──────── ENTRIES SUPPLIED

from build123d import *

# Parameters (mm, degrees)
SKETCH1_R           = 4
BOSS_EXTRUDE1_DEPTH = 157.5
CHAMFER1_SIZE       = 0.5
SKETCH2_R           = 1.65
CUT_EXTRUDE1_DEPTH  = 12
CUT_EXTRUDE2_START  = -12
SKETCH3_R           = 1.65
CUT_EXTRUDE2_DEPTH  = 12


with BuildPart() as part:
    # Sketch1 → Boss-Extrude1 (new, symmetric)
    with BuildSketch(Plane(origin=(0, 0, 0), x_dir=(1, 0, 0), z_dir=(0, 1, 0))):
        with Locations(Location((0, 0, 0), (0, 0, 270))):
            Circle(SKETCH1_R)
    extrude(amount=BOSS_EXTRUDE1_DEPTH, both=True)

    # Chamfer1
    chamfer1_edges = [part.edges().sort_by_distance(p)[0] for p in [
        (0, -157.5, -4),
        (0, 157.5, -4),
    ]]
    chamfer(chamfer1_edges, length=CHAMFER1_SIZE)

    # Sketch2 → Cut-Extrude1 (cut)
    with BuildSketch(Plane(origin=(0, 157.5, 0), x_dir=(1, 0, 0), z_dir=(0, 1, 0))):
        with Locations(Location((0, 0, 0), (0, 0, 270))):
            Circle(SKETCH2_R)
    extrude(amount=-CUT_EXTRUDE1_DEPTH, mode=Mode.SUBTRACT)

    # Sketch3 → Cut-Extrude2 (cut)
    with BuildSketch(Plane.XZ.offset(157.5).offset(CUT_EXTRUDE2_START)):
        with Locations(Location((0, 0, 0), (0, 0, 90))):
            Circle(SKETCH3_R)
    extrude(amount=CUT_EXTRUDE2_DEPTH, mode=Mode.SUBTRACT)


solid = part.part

────────────────

PROBLEM TO SOLVE:
Write each entry out again. Do not change a word.

YOUR SOLUTION:
from build123d import *

# Parameters (mm, degrees)
SKETCH1_R           = 4
BOSS_EXTRUDE1_DEPTH = 157.5
CHAMFER1_SIZE       = 0.5
SKETCH2_R           = 1.65
CUT_EXTRUDE1_DEPTH  = 12
CUT_EXTRUDE2_START  = -12
SKETCH3_R           = 1.65
CUT_EXTRUDE2_DEPTH  = 12


with BuildPart() as part:
    # Sketch1 → Boss-Extrude1 (new, symmetric)
    with BuildSketch(Plane(origin=(0, 0, 0), x_dir=(1, 0, 0), z_dir=(0, 1, 0))):
        with Locations(Location((0, 0, 0), (0, 0, 270))):
            Circle(SKETCH1_R)
    extrude(amount=BOSS_EXTRUDE1_DEPTH, both=True)

    # Chamfer1
    chamfer1_edges = [part.edges().sort_by_distance(p)[0] for p in [
        (0, -157.5, -4),
        (0, 157.5, -4),
    ]]
    chamfer(chamfer1_edges, length=CHAMFER1_SIZE)

    # Sketch2 → Cut-Extrude1 (cut)
    with BuildSketch(Plane(origin=(0, 157.5, 0), x_dir=(1, 0, 0), z_dir=(0, 1, 0))):
        with Locations(Location((0, 0, 0), (0, 0, 270))):
            Circle(SKETCH2_R)
    extrude(amount=-CUT_EXTRUDE1_DEPTH, mode=Mode.SUBTRACT)

    # Sketch3 → Cut-Extrude2 (cut)
    with BuildSketch(Plane.XZ.offset(157.5).offset(CUT_EXTRUDE2_START)):
        with Locations(Location((0, 0, 0), (0, 0, 90))):
            Circle(SKETCH3_R)
    extrude(amount=CUT_EXTRUDE2_DEPTH, mode=Mode.SUBTRACT)


solid = part.part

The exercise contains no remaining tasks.